WanBenLe commented 6 months ago

I have fixed the issue of llava-v1.5 in the latest transformers version and supported llava-v1.6 (LLavaNext), can I create a PR for these? with /root/autodl-tmp/wsl/AutoAWQ-main/awq/modules/fused/model.py and others

        if input_ids == None and kwargs['past_key_values']==None:
            input_ids, self.last_forward_num_tokens = fused_utils.prepare_input_ids(
                kwargs['position_ids'], self.last_forward_num_tokens
            )
            _bsz, seqlen = kwargs['position_ids'].shape
            h = kwargs['inputs_embeds']
            device = h.device
        else:
            input_ids, self.last_forward_num_tokens = fused_utils.prepare_input_ids(
                input_ids, self.last_forward_num_tokens
            )
            _bsz, seqlen = input_ids.shape
            device = input_ids.device
            h = self.embedding(input_ids)
        fused_utils.prepare_cache(self.blocks, seqlen)
        mask = fused_utils.prepare_attention_mask(
            seqlen=seqlen,
            start_pos=self.blocks[0].attn.start_pos,
            device=device,
            type_as=h,
        )
casper-hansen commented 6 months ago

Hi @WanBenLe, please create a PR with a description of the issue and how this solves your problem

zjysteven commented 5 months ago

Hi @WanBenLe, would you mind sharing the exact script for quantization to get llava-v1.6-34b-hf-awq? @casper-hansen I'm also wondering if the PR will be merged soon

WanBenLe commented 5 months ago

Hi @WanBenLe, would you mind sharing the exact script for quantization to get llava-v1.6-34b-hf-awq? @casper-hansen I'm also wondering if the PR will be merged soon

For the unmerged version(AutoAWQ==0.25), the code and examples for llava-next support are here: https://github.com/WanBenLe/AutoAWQ-with-llava-v1.6/blob/main/examples/llavanext.py

If you plan to use multimodal data,(AutoAWQ==0.24): https://github.com/WanBenLe/AutoAWQ-with-quantizer/blob/main/examples/multimodal_inputs_prepare.py https://github.com/WanBenLe/AutoAWQ-with-quantizer/tree/main/examples/multimodal_quant_test.py

Use default calibration data setting will raise loss NaN error (AutoAWQ/tree/main/awq/quantize.py 343), maybe.

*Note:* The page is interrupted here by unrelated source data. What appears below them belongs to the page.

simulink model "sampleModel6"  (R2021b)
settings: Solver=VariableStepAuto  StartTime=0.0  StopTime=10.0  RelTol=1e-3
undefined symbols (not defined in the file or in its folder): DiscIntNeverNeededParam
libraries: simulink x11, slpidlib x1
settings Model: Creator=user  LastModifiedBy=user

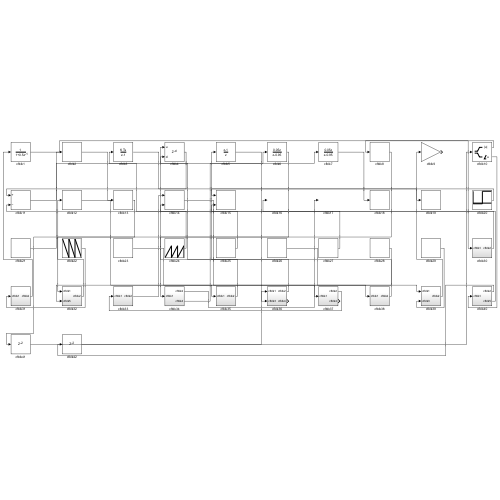
[thumbnail: Simulink's stored preview of the top-level diagram]
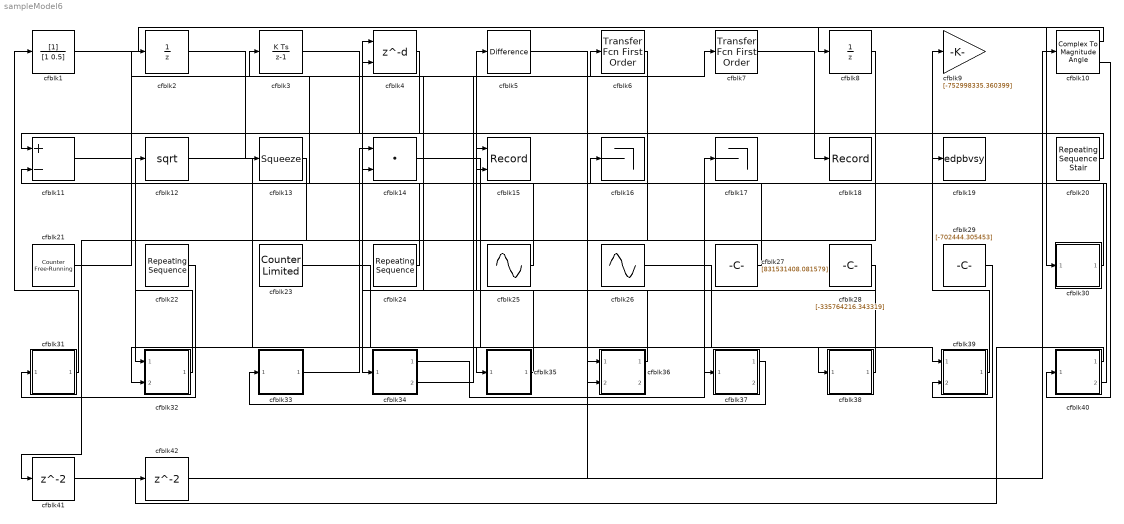
== system sampleModel6 ==
  cfblk1 : DiscreteFilter  SampleTime=1
  cfblk10 : ComplexToMagnitudeAngle
  cfblk11 : Sum  Inputs=+-
  cfblk12 : Sqrt  SaturateOnIntegerOverflow=on
  cfblk13 : Squeeze
  cfblk14 : DotProduct  InputSameDT=on  OutDataTypeStr=Inherit: Inherit via internal rule
  cfblk15 : Record  FileSettingsInternal="{\"entries\":[{\"content\":{\"excelSettings\":{\"content\":{},\"type\":\"Streamout.ExcelSettings\"}},\"type\":\"Streamout.FileSettingStorage\",\"uuid\":\"078a0047-3eb5-4cfb-884a-48a50617e5a1\"}],\"packageUris\":[\"http://schema.mathworks.com/mf0/streamout_blocks/R2020a\"],\"version\":\"1.0\"}"  Layout=[1 1]  SignalsInternal="{\"entries\":[{\"content\":{\"signals\":[{\"content\":{\"blockPath\":[\"sampleModel6/cfblk15\"],\"channel\":[],\"dimensions\":[1],\"domain\":\"sampleModel6/cfblk15\",\"lineColor\":\"#a2142f\",\"plots\":[1],\"port\":1,\"sid\":[\"\"],\"signalID\":237,\"signalName\":\"cfblk20\"},\"type\":\"RecordBlkView.Signal\",\"uuid\":\"e2950a3c-6211-4e69-b9c2-83c3ff1a6d9b\"},{\"content\":{\"blockPath\":[\"sampleModel6/cfblk15\"],\"channel\":[],\"dimensions\":[1],\"domain\":\"sampleModel6/cfblk15\",\"lineColor\":\"#139fff\",\"plots\":[1],\"port\":2,\"sid\":[\"\"],\"signalID\":241,\"signalName\":\"cfblk30\"},\"type\":\"RecordBlkView.Signal\",\"uuid\":\"a62bb186-0eaa-4d5d-9c06-4d8813e13515\"}]},\"type\":\"RecordBlkView.InputSignals\",\"uuid\":\"a1dddcb4-b3bf-44b7-b4b8-68e776bbfcf3\"}],\"packageUris\":[\"http://schema.mathworks.com/mf0/streamout_blocks/R2020a\"],\"version\":\"1.0\"}"  VisualizationBindings="{\"xyplotplugin\":{\"info\":[{\"series\":[{\"bindingParametersList\":[{\"parameter\":\"X-Axis\",\"signalID\":237,\"signalName\":\"cfblk20\"},{\"parameter\":\"Y-Axis\",\"signalID\":241,\"signalName\":\"cfblk30\"}],\"seriesID\":36112}],\"subplotID\":1}]}}"  CompatibilityTag=XY
  cfblk16 : Terminator
  cfblk17 : Terminator
  cfblk18 : Record  FileSettingsInternal="{\"entries\":[{\"content\":{\"excelSettings\":{\"content\":{},\"type\":\"Streamout.ExcelSettings\"}},\"type\":\"Streamout.FileSettingStorage\",\"uuid\":\"ff4303cd-4097-4d51-a6e8-73b3556a0e5d\"}],\"packageUris\":[\"http://schema.mathworks.com/mf0/streamout_blocks/R2020a\"],\"version\":\"1.0\"}"  SignalsInternal="{\"entries\":[{\"content\":{\"signals\":[{\"content\":{\"blockPath\":[\"sampleModel6/cfblk18\"],\"channel\":[],\"dimensions\":[1],\"domain\":\"sampleModel6/cfblk18\",\"lineColor\":\"#d95319\",\"plots\":[1],\"port\":1,\"sid\":[\"\"],\"signalID\":233,\"signalName\":\"cfblk7\"},\"type\":\"RecordBlkView.Signal\",\"uuid\":\"350a4dd6-4f43-4d64-a145-38d7b0e854d1\"}]},\"type\":\"RecordBlkView.InputSignals\",\"uuid\":\"cfb04e90-a252-4558-a39a-d3efc5ac2aac\"}],\"packageUris\":[\"http://schema.mathworks.com/mf0/streamout_blocks/R2020a\"],\"version\":\"1.0\"}"  VisualizationBindings="{\"sparklinesplugin\":{\"info\":[{\"bindingParametersList\":[],\"subplotID\":1}]}}"
  cfblk19 : ToWorkspace  VariableName=edpbvsy  SaveFormat=Timeseries  SampleTime=-1
  cfblk2 : UnitDelay  HasFrameUpgradeWarning=on
  cfblk20 : simulink/Sources/Repeating Sequence Stair  OutValues=[-14722803.076438, 309765796.899337]  tsamp=-1  OutMin=[]  OutMax=[]  OutDataTypeStr=double  OutputDataTypeScalingMode=double  OutDataType=fixdt(0,8)  ConRadixGroup=Best Precision: Vector-wise  OutScaling=2^-12
  cfblk21 : simulink/Sources/Counter Free-Running  NumBits=[53.000000]  tsamp=-1
  cfblk22 : simulink/Sources/Repeating Sequence  rep_seq_t=[0 2]  rep_seq_y=[77051148.938042, -435589670.883555]
  cfblk23 : simulink/Sources/Counter Limited  uplimit=[975.000000]  tsamp=-1
  cfblk24 : simulink/Sources/Repeating Sequence  rep_seq_t=[0 2]  rep_seq_y=[-927148968.949040, -347510853.879375]
  cfblk25 : Sin  Amplitude=[946027247.785641]  Bias=[-269934749.388505]  SampleTime=0
  cfblk26 : Sin  Amplitude=[-381700762.208165]  Bias=[-758175230.838743]  SampleTime=0
  cfblk27 : Constant  Value=[831531408.081579]  SampleTime=1
  cfblk28 : Constant  Value=[-335764216.343319]  SampleTime=1
  cfblk29 : Constant  Value=[-702444.305453]  SampleTime=1
  cfblk3 : DiscreteIntegrator  ICPrevOutput=DiscIntNeverNeededParam  ICPrevScaledInput=DiscIntNeverNeededParam
  cfblk30 : Subsystem
  cfblk31 : Subsystem
  cfblk32 : Subsystem
  cfblk33 : Subsystem
  cfblk34 : Subsystem
  cfblk35 : Subsystem
  cfblk36 : Subsystem
  cfblk37 : Subsystem
  cfblk38 : Subsystem
  cfblk39 : Subsystem
  cfblk4 : Delay  DelayLengthSource=Input port  SampleTime=1
      settings: InputPortMap=u0,p1
  cfblk40 : Subsystem
  cfblk41 : Delay  SampleTime=1
  cfblk42 : Delay  SampleTime=1
  cfblk5 : simulink/Discrete/Difference  ICPrevInput=0.0  OutMin=[]  OutMax=[]  OutDataTypeStr=Inherit: Inherit via back propagation  OutDataType=fixdt(1, 16)  OutScaling=2^-10  DoSatur=off
  cfblk6 : simulink/Discrete/Transfer Fcn First Order  PoleZ=0.95  ICPrevOutput=0.0  DoSatur=off
  cfblk7 : simulink/Discrete/Transfer Fcn First Order  PoleZ=0.95  ICPrevOutput=0.0  DoSatur=off
  cfblk8 : UnitDelay  HasFrameUpgradeWarning=on
  cfblk9 : Gain  Gain=[-752998335.360399]
  wires:
  cfblk12/1 -> cfblk35/1(cfblk1)
  cfblk24/1 -> cfblk3/1
  cfblk32/1(cfblk2) -> cfblk12/1
  cfblk34/1(cfblk2) -> cfblk17/1
  cfblk35/1(cfblk2) -> cfblk5/1
  cfblk1/1 -> cfblk30/1(cfblk1)
  cfblk23/1 -> cfblk38/1(cfblk1)
  cfblk27/1 -> cfblk16/1
  cfblk37/1(cfblk2) -> cfblk33/1(cfblk1)
  cfblk4/1 -> cfblk11/1
  cfblk13/1 -> cfblk32/1(cfblk1)
  cfblk14/1 -> cfblk36/2(cfblk3)
  cfblk8/1 -> cfblk34/1(cfblk1)
  cfblk38/1(cfblk2) -> cfblk4/1
  cfblk31/1(cfblk2) -> cfblk1/1
  cfblk22/1 -> cfblk31/1(cfblk1)
  cfblk25/1 -> cfblk11/2
  cfblk11/1 -> cfblk6/1
  cfblk39/1(cfblk2) -> cfblk9/1
  cfblk10/1 -> cfblk8/1
  cfblk33/1(cfblk2) -> cfblk14/1
  cfblk36/1(cfblk2) -> cfblk4/2
  cfblk21/1 -> cfblk2/1
  cfblk34/2(cfblk4) -> cfblk7/1
  cfblk5/1 -> cfblk37/1(cfblk1)
  cfblk28/1 -> cfblk32/2(cfblk5)
  cfblk26/1 -> cfblk39/1(cfblk1)
  cfblk10/2 -> cfblk40/1(cfblk1)
  cfblk20/1 -> cfblk15/1
  cfblk40/2(cfblk5) -> cfblk14/2
  cfblk7/1 -> cfblk18/1
  cfblk30/1(cfblk2) -> cfblk15/2
  cfblk3/1 -> cfblk19/1
  cfblk29/1 -> cfblk39/2(cfblk3)
  cfblk2/1 -> cfblk13/1
  cfblk6/1 -> cfblk41/1
  cfblk41/1 -> cfblk36/1(cfblk1)
  cfblk40/1(cfblk2) -> cfblk42/1
  cfblk42/1 -> cfblk10/1

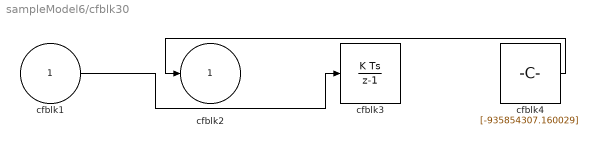
== system sampleModel6/cfblk30 ==
  cfblk1 : Inport
  cfblk3 : DiscreteIntegrator  ICPrevOutput=DiscIntNeverNeededParam  ICPrevScaledInput=DiscIntNeverNeededParam
  cfblk4 : Constant  Value=[-935854307.160029]  SampleTime=1
  cfblk2 : Outport
  wires:
  cfblk4/1 -> cfblk2/1
  cfblk1/1 -> cfblk3/1

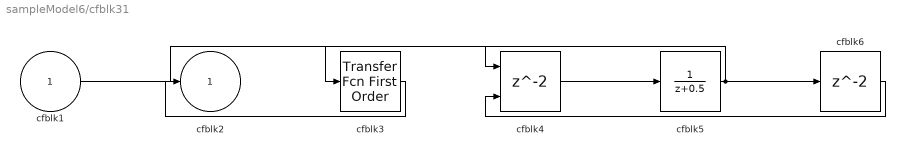
== system sampleModel6/cfblk31 ==
  cfblk1 : Inport
  cfblk3 : simulink/Discrete/Transfer Fcn First Order  PoleZ=0.95  ICPrevOutput=0.0  DoSatur=off
  cfblk4 : Delay  ShowEnablePort=on  SampleTime=1
      settings: InputPortMap=u0,e6
  cfblk5 : DiscreteTransferFcn  SampleTime=1
  cfblk6 : Delay  SampleTime=1
  cfblk2 : Outport
  wires:
  cfblk1/1 -> cfblk4/1
  cfblk3/1 -> cfblk2/1
  cfblk4/1 -> cfblk5/1
  cfblk5/1 -> cfblk3/1, cfblk6/1
  cfblk6/1 -> cfblk4/2

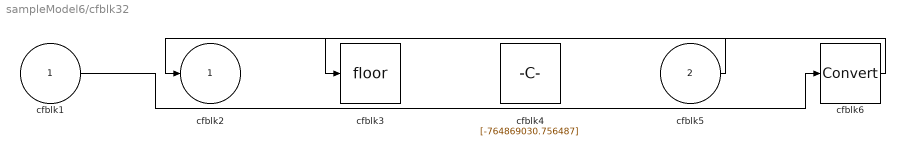
== system sampleModel6/cfblk32 ==
  cfblk1 : Inport
  cfblk5 : Inport  Port=2
  cfblk3 : Rounding
  cfblk4 : Constant  Value=[-764869030.756487]  SampleTime=1
  cfblk6 : DataTypeConversion
  cfblk2 : Outport
  wires:
  cfblk5/1 -> cfblk2/1
  cfblk1/1 -> cfblk6/1
  cfblk6/1 -> cfblk3/1

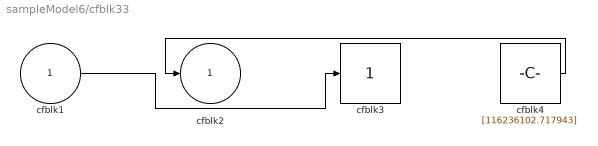
== system sampleModel6/cfblk33 ==
  cfblk1 : Inport
  cfblk3 : simulink/Math Operations/Slider Gain  gain=1  low=0  high=2
  cfblk4 : Constant  Value=[116236102.717943]  SampleTime=1
  cfblk2 : Outport
  wires:
  cfblk4/1 -> cfblk2/1
  cfblk1/1 -> cfblk3/1

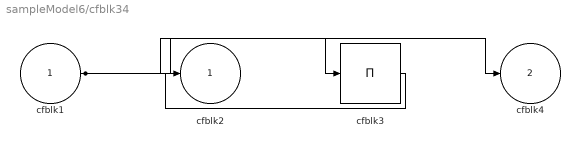
== system sampleModel6/cfblk34 ==
  cfblk1 : Inport
  cfblk3 : Product  Inputs=*
  cfblk2 : Outport
  cfblk4 : Outport  Port=2
  wires:
  cfblk1/1 -> cfblk4/1, cfblk3/1
  cfblk3/1 -> cfblk2/1

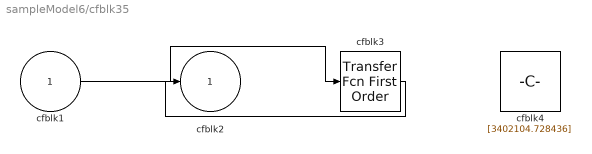
== system sampleModel6/cfblk35 ==
  cfblk1 : Inport
  cfblk3 : simulink/Discrete/Transfer Fcn First Order  PoleZ=0.95  ICPrevOutput=0.0  DoSatur=off
  cfblk4 : Constant  Value=[3402104.728436]  SampleTime=1
  cfblk2 : Outport
  wires:
  cfblk1/1 -> cfblk3/1
  cfblk3/1 -> cfblk2/1

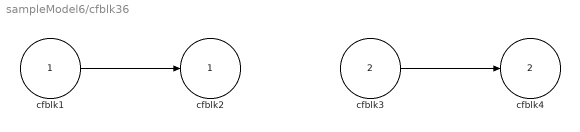
== system sampleModel6/cfblk36 ==
  cfblk1 : Inport
  cfblk3 : Inport  Port=2
  cfblk2 : Outport
  cfblk4 : Outport  Port=2
  wires:
  cfblk1/1 -> cfblk2/1
  cfblk3/1 -> cfblk4/1

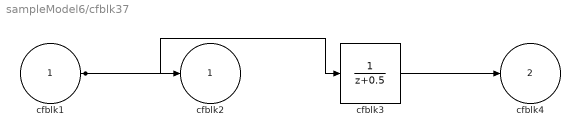
== system sampleModel6/cfblk37 ==
  cfblk1 : Inport
  cfblk3 : DiscreteTransferFcn  SampleTime=1
  cfblk2 : Outport
  cfblk4 : Outport  Port=2
  wires:
  cfblk1/1 -> cfblk2/1, cfblk3/1
  cfblk3/1 -> cfblk4/1

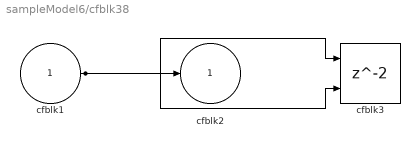
== system sampleModel6/cfblk38 ==
  cfblk1 : Inport
  cfblk3 : Delay  ShowEnablePort=on  SampleTime=1
      settings: InputPortMap=u0,e6
  cfblk2 : Outport
  wires:
  cfblk1/1 -> cfblk2/1, cfblk3/1, cfblk3/2

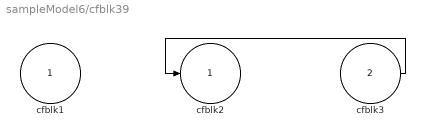
== system sampleModel6/cfblk39 ==
  cfblk1 : Inport
  cfblk3 : Inport  Port=2
  cfblk2 : Outport
  wires:
  cfblk3/1 -> cfblk2/1

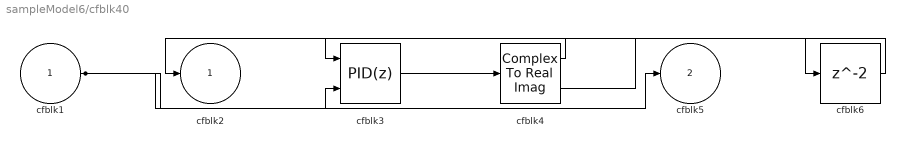
== system sampleModel6/cfblk40 ==
  cfblk1 : Inport
  cfblk3 : slpidlib/PID Controller (2DOF)  Controller=PID  Form=Parallel  TimeDomain=Discrete-time  UseExternalTs=off  SampleTime=1  IntegratorMethod=Forward Euler  FilterMethod=Forward Euler  ControllerParametersSource=internal  P=1  I=1  D=0  UseFilter=on  N=100  b=1  c=1  TunerSelectOption=Transfer Function Based (PID Tuner App)  InitialConditionSource=internal  InitialConditionForIntegrator=0  InitialConditionForFilter=0  DifferentiatorICPrevScaledInput=0  ExternalReset=none  TrackingMode=off  Kt=1  LimitOutput=off  SatLimitsSource=internal  UpperSaturationLimit=inf  LowerSaturationLimit=-inf  LinearizeAsGain=off  AntiWindupMode=none  Kb=1  POutMin=[]  POutMax=[]  IOutMin=[]  IOutMax=[]  DOutMin=[]  DOutMax=[]  NOutMin=[]  NOutMax=[]  bOutMin=[]  bOutMax=[]  cOutMin=[]  cOutMax=[]  SumOutMin=[]  SumOutMax=[]  SaturationOutMin=[]  SaturationOutMax=[]  PParamMin=[]  PParamMax=[]  IParamMin=[]  IParamMax=[]  DParamMin=[]  DParamMax=[]  NParamMin=[]  NParamMax=[]  bParamMin=[]  bParamMax=[]  cParamMin=[]  cParamMax=[]  KbParamMin=[]  KbParamMax=[]  KtParamMin=[]  KtParamMax=[]  KbOutMin=[]  KbOutMax=[]  KtOutMin=[]  KtOutMax=[]  IntegratorOutMin=[]  IntegratorOutMax=[]  FilterOutMin=[]  FilterOutMax=[]  SumI1OutMin=[]  SumI1OutMax=[]  SumI2OutMin=[]  SumI2OutMax=[]  SumI3OutMin=[]  SumI3OutMax=[]  SumI4OutMin=[]  SumI4OutMax=[]  SumDOutMin=[]  SumDOutMax=[]  Sum1OutMin=[]  Sum1OutMax=[]  Sum2OutMin=[]  Sum2OutMax=[]  Sum3OutMin=[]  Sum3OutMax=[]  DifferentiatorOutMin=[]  DifferentiatorOutMax=[]  FilterDiffOutCoefMin=[]  FilterDiffOutCoefMax=[]  ReciprocalOutMin=[]  ReciprocalOutMax=[]  SumDenOutMin=[]  SumDenOutMax=[]  SumNumOutMin=[]  SumNumOutMax=[]  DivideOutMin=[]  DivideOutMax=[]  UdiffTsProdOutMin=[]  UdiffTsProdOutMax=[]  NTsProdOutMin=[]  NTsProdOutMax=[]  UintegralTsProdOutMin=[]  UintegralTsProdOutMax=[]  UngainTsProdOutMin=[]  UngainTsProdOutMax=[]  IntegratorContinuousStateAttributes=''  IntegratorStateMustResolveToSignalObject=off  IntegratorRTWStateStorageClass=Auto  FilterContinuousStateAttributes=''  FilterStateMustResolveToSignalObject=off  FilterRTWStateStorageClass=Auto  ParallelPVariant=InternalParameters  IdealPVariant=Disabled  IVariant=InternalParameters  DVariant=InternalParameters  bVariant=InternalParameters  cVariant=InternalParameters  IntegratorVariant=Discrete  SatVariant=Disabled  AWVariant=Passthrough  PCopyVariant=Disabled  TRVariant=Disabled  FdbkBlocksVariant=Forward  IdealPFdbkVariant=Disabled  SatFdbkVariant=Disabled  DerivativeFilterVariant=ForwardEulerFilter  NVariant=InternalParameters  NCopyVariant=Disabled  FilterICVariant=InternalICsFilter  IntegratorICVariant=InternalICs  ExternalResetVariant=Disabled  TRSumVariant=Passthrough  SumFdbkVariant=Disabled  SumVariant=Sum_PID  TsampFilterVariant=InternalTs  TsampNgainVariant=Passthrough  TsampIntegralVariant=Passthrough  ExternalSaturationOutDataTypeStr=Inherit: Same as second input
      settings: SourceProductBaseCode=SL
  cfblk4 : ComplexToRealImag
  cfblk6 : Delay  SampleTime=1
  cfblk2 : Outport
  cfblk5 : Outport  Port=2
  wires:
  cfblk3/1 -> cfblk4/1
  cfblk4/1 -> cfblk2/1
  cfblk1/1 -> cfblk5/1, cfblk3/2
  cfblk4/2 -> cfblk6/1
  cfblk6/1 -> cfblk3/1

1SingleFeng commented 4 months ago

你好,请问autoawq 0.2.5支持llava 1.5吗,能给一下示例代码吗,要求的最低transformers版本是什么?

WanBenLe commented 4 months ago

你好,请问autoawq 0.2.5支持llava 1.5吗,能给一下示例代码吗,要求的最低transformers版本是什么?

你要不直接用example的官方示例+我的那个代码试试?应该能跑起来. 下面是两个链接,一个是原始的llava-v1.5pr https://github.com/casper-hansen/AutoAWQ/pull/250 一个是新的等待merged的pr https://github.com/casper-hansen/AutoAWQ/pull/471

1SingleFeng commented 4 months ago

你好,请问autoawq 0.2.5支持llava 1.5吗,能给一下示例代码吗,要求的最低transformers版本是什么?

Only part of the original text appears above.